SAFETY DESIGN FEATURES OF THE SCOR

CEA,

France

III — 1. DESCRIPTION OF THE SCOR DESIGN

The Simple Compact Reactor (SCOR) is a 2000 MW(th) integral design pressurized light water reactor (PWR). The design for the reactor was developed at the Nuclear Energy Division of the Commissariat a l’Energie Atomique in Cadarache, France. A detailed description of SCOR design and features is provided in [IV-1].

The SCOR is mainly being developed for electricity generation, providing competitive costs, when compared to large sized reactors, through system simplification and compactness in plant layout. However, the SCOR could be used in cogeneration schemes, such as seawater desalination using low temperature processes, as well as thermo-compression or multi-effect distillation.

The SCOR is an integral design reactor having new features with respect to the designs of typical integral type reactors, which usually contain several modular steam generators inside the vessel. Such architecture has led to the design of a large vessel, limiting the output of the reactor to a maximum of 1000 MW(th). In the SCOR concept, the steam generator is located above the vessel and acts as the vessel head. This layout component provides space inside the vessel to increase core size and therefore, has the same safety advantages (elimination of a large break loss of coolant accident); the SCOR unit power is twice as high as the maximum power of a typical integral design reactor [IV-1, IV-2].

Passive safety features allow the SCOR to respond safely to all initiating events within the design basis, with few operator actions required. Except for loss of coolant accidents (LOCA), where low electric power is needed in the mid term (a low pressure safety injection with a power of about a few tens of kW is required for less than one day), no alternative current (AC) power is needed for accident management. Most of the design extension[43] conditions are eliminated or passively managed as accidents within the design basis. This simplifies the scope of operator training, equipment qualification and surveillance to meet safety requirements.

The main characteristics of a nuclear power plant (NPP) with a SCOR reactor are given in Table IV-1. A schematic view of the SCOR plant is shown in Fig. IV-1.

The plant control scheme will be specifically designed for operation with a single steam generator and will be based on a ‘reactor follows the plant load’ strategy.

The SCOR is an integral type PWR with a compact primary circuit. The reactor pressure vessel houses the main primary system components including the core, the pressurizer, the reactor coolant pumps, the control rod drive mechanism (CRDM), and the heat exchangers of the decay heat removal system. Such design configuration eliminates large penetrations through the reactor vessel, excluding the possibility of large break loss of coolant accidents. A single steam generator acts as the reactor vessel head; see Fig. IV-2 (this figure also illustrates the flow path of the coolant).
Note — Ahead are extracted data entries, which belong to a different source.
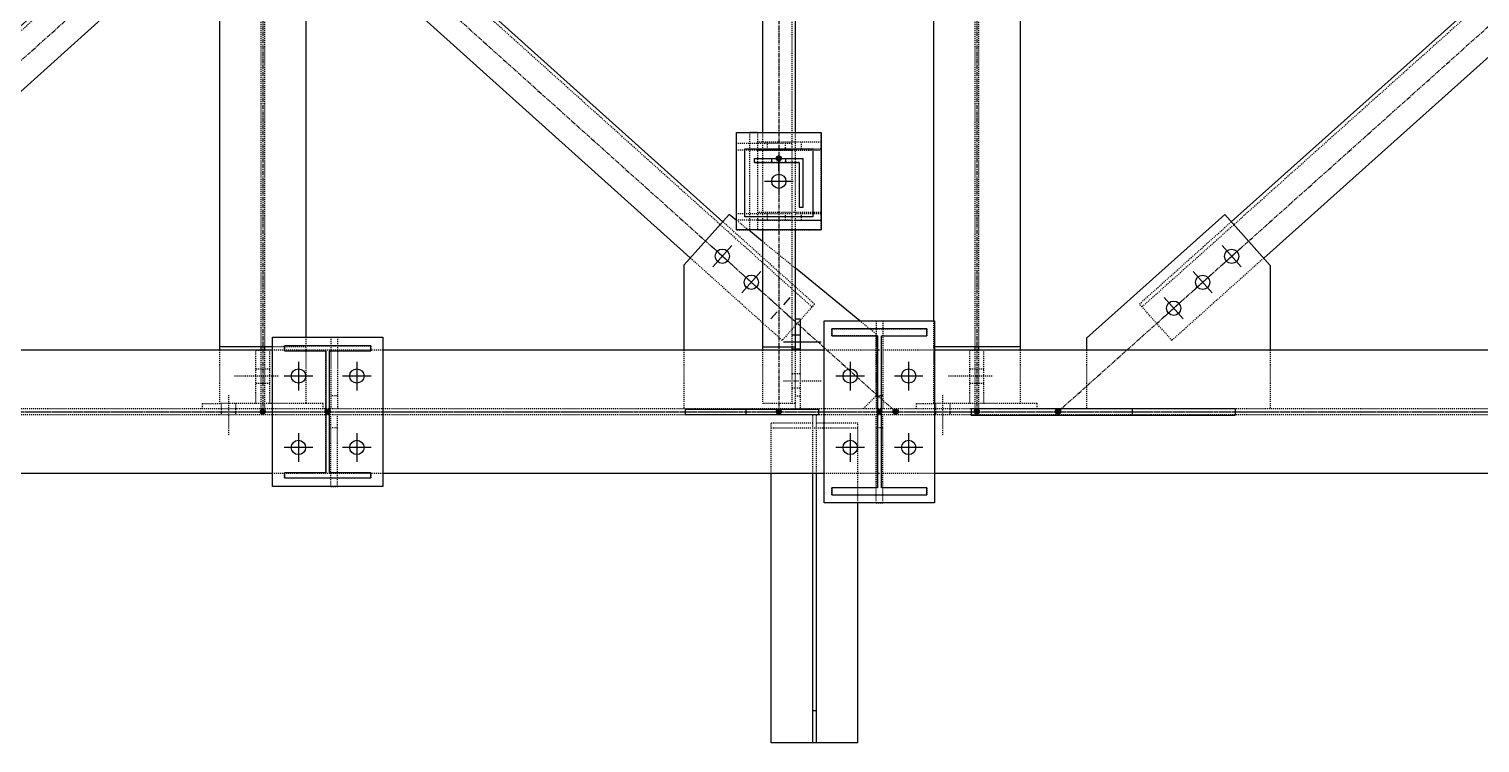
# Model space of a CAD drawing. Header units: millimetres. Extents: x 2102 to 20742, y 12631 to 26594.
# Drawn here: x 11572 to 13807, y 13811 to 14910 of the extents above; entities that cross this region are included whole.
import ezdxf

# ---------------------------------------------------------------- set-up
doc = ezdxf.new("R2010")
doc.units = ezdxf.units.MM
for name, pattern in [('CENTER', [12.7, 7.9375, -1.5875, 1.5875, -1.5875]), ('DXK_LINE_DOT2', [3.9198, 1.9599, -1.9599]), ('DXK_LINE_DOT5', [7.8785, 2.979, -0.9799, 0.9799, -0.9799, 0.9799, -0.9799])]:
    doc.linetypes.add(name, pattern=pattern)
for name, color, linetype in [('1', 7, 'Continuous'), ('2', 7, 'Continuous'), ('4', 7, 'Continuous')]:
    doc.layers.add(name, color=color, linetype=linetype)

# ---------------------------------------------------------------- blocks, each defined once
blk = doc.blocks.new('GridLine-116860372-116905 - 114867')
at = {"layer": '2', "color": 7, "linetype": 'DXK_LINE_DOT5'}
blk.add_line((2535.4, 12570.8), (24512.1, 12570.8), dxfattribs=at)
blk = doc.blocks.new('Part-116860372-115070 - 114867')
at = {"layer": '4', "linetype": 'Continuous'}
for points in [[(16454.3, 13659.6, -1), (16454.3, 13669.6, -1)], [(15231.8, 12565.8, -1), (15231.8, 12575.8, -1)]]:
    blk.add_hatch(color=4, dxfattribs=at).paths.add_polyline_path(points)
at = {"layer": '1', "color": 6, "linetype": 'DXK_LINE_DOT2'}
for p, q in [((16294.8, 13578.9), (15393.6, 12772.6)), ((16289.8, 13584.5), (16112.8, 13426.1)), ((16289.8, 13584.5), (16352.3, 13514.6)), ((16352.3, 13514.6), (16175.3, 13356.3)), ((15388.6, 12778.2), (15565.6, 12936.6)), ((15628.1, 12866.7), (15451.1, 12708.3)), ((15451.1, 12708.3), (15388.6, 12778.2))]:
    blk.add_line(p, q, dxfattribs=at)
at = {"layer": '2', "color": 2, "linetype": 'Continuous'}
for p, q in [((16112.8, 13426.1), (15565.6, 12936.6)), ((16175.3, 13356.3), (15628.1, 12866.7))]:
    blk.add_line(p, q, dxfattribs=at)
at = {"layer": '4', "color": 4, "linetype": 'CENTER'}
blk.add_line((15231.8, 12570.8), (16454.3, 13664.6), dxfattribs=at)
at = {"layer": '4', "color": 4, "linetype": 'Continuous'}
for centre in [(16454.3, 13664.6), (15231.8, 12570.8)]:
    blk.add_circle(centre, 5, dxfattribs=at)
blk = doc.blocks.new('Part-116860372-150003 - 114867')
at = {"layer": '1', "color": 6, "linetype": 'DXK_LINE_DOT2'}
for p, q in [((14719.3, 13087.1), (14613.1, 13087.1)), ((14706.9, 13074.6), (14706.9, 13087.1)), ((14719.3, 13074.6), (14613.1, 13074.6))]:
    blk.add_line(p, q, dxfattribs=at)
blk = doc.blocks.new('Part-116860372-114923 - 114867')
at = {"layer": '1', "color": 6, "linetype": 'DXK_LINE_DOT2'}
for p, q in [((13931.8, 12689.6), (13719.3, 12689.6)), ((14994.3, 12689.6), (14781.8, 12689.6)), ((19818.1, 12576.7), (9958.1, 12576.7)), ((19818.1, 12565), (9958.1, 12565)), ((13931.8, 12452.1), (13719.3, 12452.1)), ((14994.3, 12452.1), (14781.8, 12452.1))]:
    blk.add_line(p, q, dxfattribs=at)
at = {"layer": '2', "color": 2, "linetype": 'Continuous'}
for p, q in [((13719.3, 12689.6), (12931.8, 12689.6)), ((14781.8, 12689.6), (13931.8, 12689.6)), ((18219.3, 12689.6), (14994.3, 12689.6)), ((13719.3, 12452.1), (12931.8, 12452.1)), ((14781.8, 12452.1), (13931.8, 12452.1)), ((18219.3, 12452.1), (14994.3, 12452.1))]:
    blk.add_line(p, q, dxfattribs=at)
at = {"layer": '4', "color": 4, "linetype": 'CENTER'}
blk.add_line((9575.6, 12570.8), (20200.6, 12570.8), dxfattribs=at)
blk = doc.blocks.new('Part-116860372-114925 - 114867')
at = {"layer": '4', "linetype": 'Continuous'}
blk.add_hatch(color=4, dxfattribs=at).paths.add_polyline_path([(13825.6, 12565.8, -1), (13825.6, 12575.8, -1)])
at = {"layer": '1', "color": 6, "linetype": 'DXK_LINE_DOT2'}
for p, q in [((13742.3, 12688.1), (13742.3, 12697.8)), ((13742.3, 12697.8), (13908.8, 12697.8)), ((13822, 12688.1), (13742.3, 12688.1)), ((13822, 12453.6), (13822, 12688.1)), ((13829.2, 12453.6), (13829.2, 12688.1)), ((13829.2, 12688.1), (13908.8, 12688.1)), ((13908.8, 12697.8), (13908.8, 12688.1)), ((13742.3, 12443.8), (13742.3, 12453.6)), ((13822, 12453.6), (13742.3, 12453.6)), ((13742.3, 12443.8), (13908.8, 12443.8)), ((13908.8, 12453.6), (13829.2, 12453.6)), ((13908.8, 12453.6), (13908.8, 12443.8))]:
    blk.add_line(p, q, dxfattribs=at)
at = {"layer": '2', "color": 2, "linetype": 'Continuous'}
for p, q in [((13742.3, 12697.8), (13742.3, 12697.8)), ((13908.8, 12697.8), (13742.3, 12697.8)), ((13742.3, 12697.8), (13742.3, 12688.1)), ((13742.3, 12688.1), (13742.3, 12688.1)), ((13742.3, 12688.1), (13822, 12688.1)), ((13822, 12688.1), (13822, 12688.1)), ((13822, 12688.1), (13822, 12453.6)), ((13829.2, 12688.1), (13829.2, 12688.1)), ((13829.2, 12453.6), (13829.2, 12688.1)), ((13829.2, 12688.1), (13908.8, 12688.1)), ((13908.8, 12697.8), (13908.8, 12697.8)), ((13908.8, 12688.1), (13908.8, 12697.8)), ((13908.8, 12688.1), (13908.8, 12688.1)), ((13742.3, 12453.6), (13742.3, 12453.6)), ((13822, 12453.6), (13742.3, 12453.6)), ((13742.3, 12453.6), (13742.3, 12443.8)), ((13742.3, 12443.8), (13742.3, 12443.8)), ((13742.3, 12443.8), (13908.8, 12443.8)), ((13822, 12453.6), (13822, 12453.6)), ((13829.2, 12453.6), (13829.2, 12453.6)), ((13908.8, 12453.6), (13829.2, 12453.6)), ((13908.8, 12453.6), (13908.8, 12453.6)), ((13908.8, 12443.8), (13908.8, 12453.6)), ((13908.8, 12443.8), (13908.8, 12443.8))]:
    blk.add_line(p, q, dxfattribs=at)
at = {"layer": '4', "color": 4, "linetype": 'CENTER'}
blk.add_line((13825.6, 12570.8), (13825.6, 12570.8), dxfattribs=at)
at = {"layer": '4', "color": 4, "linetype": 'Continuous'}
blk.add_circle((13825.6, 12570.8), 5, dxfattribs=at)
blk = doc.blocks.new('Part-116860372-114926 - 114867')
at = {"layer": '4', "linetype": 'Continuous'}
blk.add_hatch(color=4, dxfattribs=at).paths.add_polyline_path([(14888.1, 12565.8, -1), (14888.1, 12575.8, -1)])
at = {"layer": '1', "color": 6, "linetype": 'DXK_LINE_DOT2'}
for p, q in [((14796.6, 12717.2), (14796.6, 12730.8)), ((14796.6, 12730.8), (14979.6, 12730.8)), ((14884.1, 12717.2), (14796.6, 12717.2)), ((14884.1, 12424.5), (14884.1, 12717.2)), ((14892, 12424.5), (14892, 12717.2)), ((14892, 12717.2), (14979.6, 12717.2)), ((14979.6, 12730.8), (14979.6, 12717.2)), ((14796.6, 12410.8), (14796.6, 12424.5)), ((14884.1, 12424.5), (14796.6, 12424.5)), ((14796.6, 12410.8), (14979.6, 12410.8)), ((14979.6, 12424.5), (14892, 12424.5)), ((14979.6, 12424.5), (14979.6, 12410.8))]:
    blk.add_line(p, q, dxfattribs=at)
at = {"layer": '2', "color": 2, "linetype": 'Continuous'}
for p, q in [((14796.6, 12730.8), (14796.6, 12730.8)), ((14979.6, 12730.8), (14796.6, 12730.8)), ((14796.6, 12730.8), (14796.6, 12717.2)), ((14796.6, 12717.2), (14796.6, 12717.2)), ((14796.6, 12717.2), (14884.1, 12717.2)), ((14884.1, 12717.2), (14884.1, 12717.2)), ((14884.1, 12717.2), (14884.1, 12424.5)), ((14892, 12717.2), (14892, 12717.2)), ((14892, 12424.5), (14892, 12717.2)), ((14892, 12717.2), (14979.6, 12717.2)), ((14979.6, 12730.8), (14979.6, 12730.8)), ((14979.6, 12717.2), (14979.6, 12730.8)), ((14979.6, 12717.2), (14979.6, 12717.2)), ((14796.6, 12424.5), (14796.6, 12424.5)), ((14884.1, 12424.5), (14796.6, 12424.5)), ((14796.6, 12424.5), (14796.6, 12410.8)), ((14796.6, 12410.8), (14796.6, 12410.8)), ((14796.6, 12410.8), (14979.6, 12410.8)), ((14884.1, 12424.5), (14884.1, 12424.5)), ((14892, 12424.5), (14892, 12424.5)), ((14979.6, 12424.5), (14892, 12424.5)), ((14979.6, 12424.5), (14979.6, 12424.5)), ((14979.6, 12410.8), (14979.6, 12424.5)), ((14979.6, 12410.8), (14979.6, 12410.8))]:
    blk.add_line(p, q, dxfattribs=at)
at = {"layer": '4', "color": 4, "linetype": 'CENTER'}
blk.add_line((14888.1, 12570.8), (14888.1, 12570.8), dxfattribs=at)
at = {"layer": '4', "color": 4, "linetype": 'Continuous'}
blk.add_circle((14888.1, 12570.8), 5, dxfattribs=at)
blk = doc.blocks.new('Bolt-116860372-115284 - 114867')
at = {"layer": '1', "color": 1, "linetype": 'DXK_LINE_DOT2'}
for p, q in [((15009.5, 12603), (15009.5, 12524.2)), ((14995.8, 12586.7), (14995.8, 12576.7)), ((14995.8, 12576.7), (14995.8, 12565)), ((15023.3, 12586.7), (15023.3, 12576.7)), ((15023.3, 12576.7), (15023.3, 12565))]:
    blk.add_line(p, q, dxfattribs=at)
blk = doc.blocks.new('Part-116860372-114993 - 114867')
at = {"layer": '4', "linetype": 'Continuous'}
for points in [[(13700.6, 15315.8, -1), (13700.6, 15325.8, -1)], [(13700.6, 12565.8, -1), (13700.6, 12575.8, -1)]]:
    blk.add_hatch(color=4, dxfattribs=at).paths.add_polyline_path(points)
at = {"layer": '1', "color": 6, "linetype": 'DXK_LINE_DOT2'}
for p, q in [((13617.3, 15303.4), (13617.3, 15177.7)), ((13783.8, 15303.4), (13617.3, 15303.4)), ((13697, 15303.4), (13697, 15177.7)), ((13704.1, 15303.4), (13704.1, 15177.7)), ((13783.8, 15303.4), (13783.8, 15171.5)), ((13697, 15171.5), (13697, 12695.8)), ((13704.1, 15171.5), (13704.1, 12695.8)), ((13783.8, 12714.6), (13783.8, 12586.7)), ((13617.3, 12689.6), (13617.3, 12586.7)), ((13697, 12689.6), (13697, 12586.7)), ((13704.1, 12689.6), (13704.1, 12586.7)), ((13783.8, 12695.8), (13719.3, 12695.8)), ((13783.8, 12586.7), (13617.3, 12586.7))]:
    blk.add_line(p, q, dxfattribs=at)
at = {"layer": '2', "color": 2, "linetype": 'Continuous'}
for p, q in [((13617.3, 15177.7), (13617.3, 12689.6)), ((13783.8, 15171.5), (13617.3, 15171.5)), ((13697, 15177.7), (13697, 15171.5)), ((13704.1, 15177.7), (13704.1, 15171.5)), ((13783.8, 15177.7), (13783.8, 12714.6)), ((13719.3, 12695.8), (13617.3, 12695.8)), ((13697, 12695.8), (13697, 12689.6)), ((13704.1, 12695.8), (13704.1, 12689.6))]:
    blk.add_line(p, q, dxfattribs=at)
at = {"layer": '4', "color": 4, "linetype": 'CENTER'}
blk.add_line((13700.6, 15320.8), (13700.6, 12570.8), dxfattribs=at)
at = {"layer": '4', "color": 4, "linetype": 'Continuous'}
for centre in [(13700.6, 15320.8), (13700.6, 12570.8)]:
    blk.add_circle(centre, 5, dxfattribs=at)
blk = doc.blocks.new('Part-116860372-114994 - 114867')
at = {"layer": '4', "linetype": 'Continuous'}
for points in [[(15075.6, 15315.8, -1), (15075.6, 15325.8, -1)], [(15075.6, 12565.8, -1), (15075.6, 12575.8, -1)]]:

From the lower plenum, water flows upward through the core and the riser and through the centre of the pressurizer. At the top of the vessel, fluid flows upward and downward through the U shaped tubes of the steam generator. Then, the fluid is collected in an annular plenum and passes to the inlet of the reactor coolant pumps. From the pump outlet, the coolant flows through a venturi and then across the tubes of the decay heat exchangers to the lower plenum.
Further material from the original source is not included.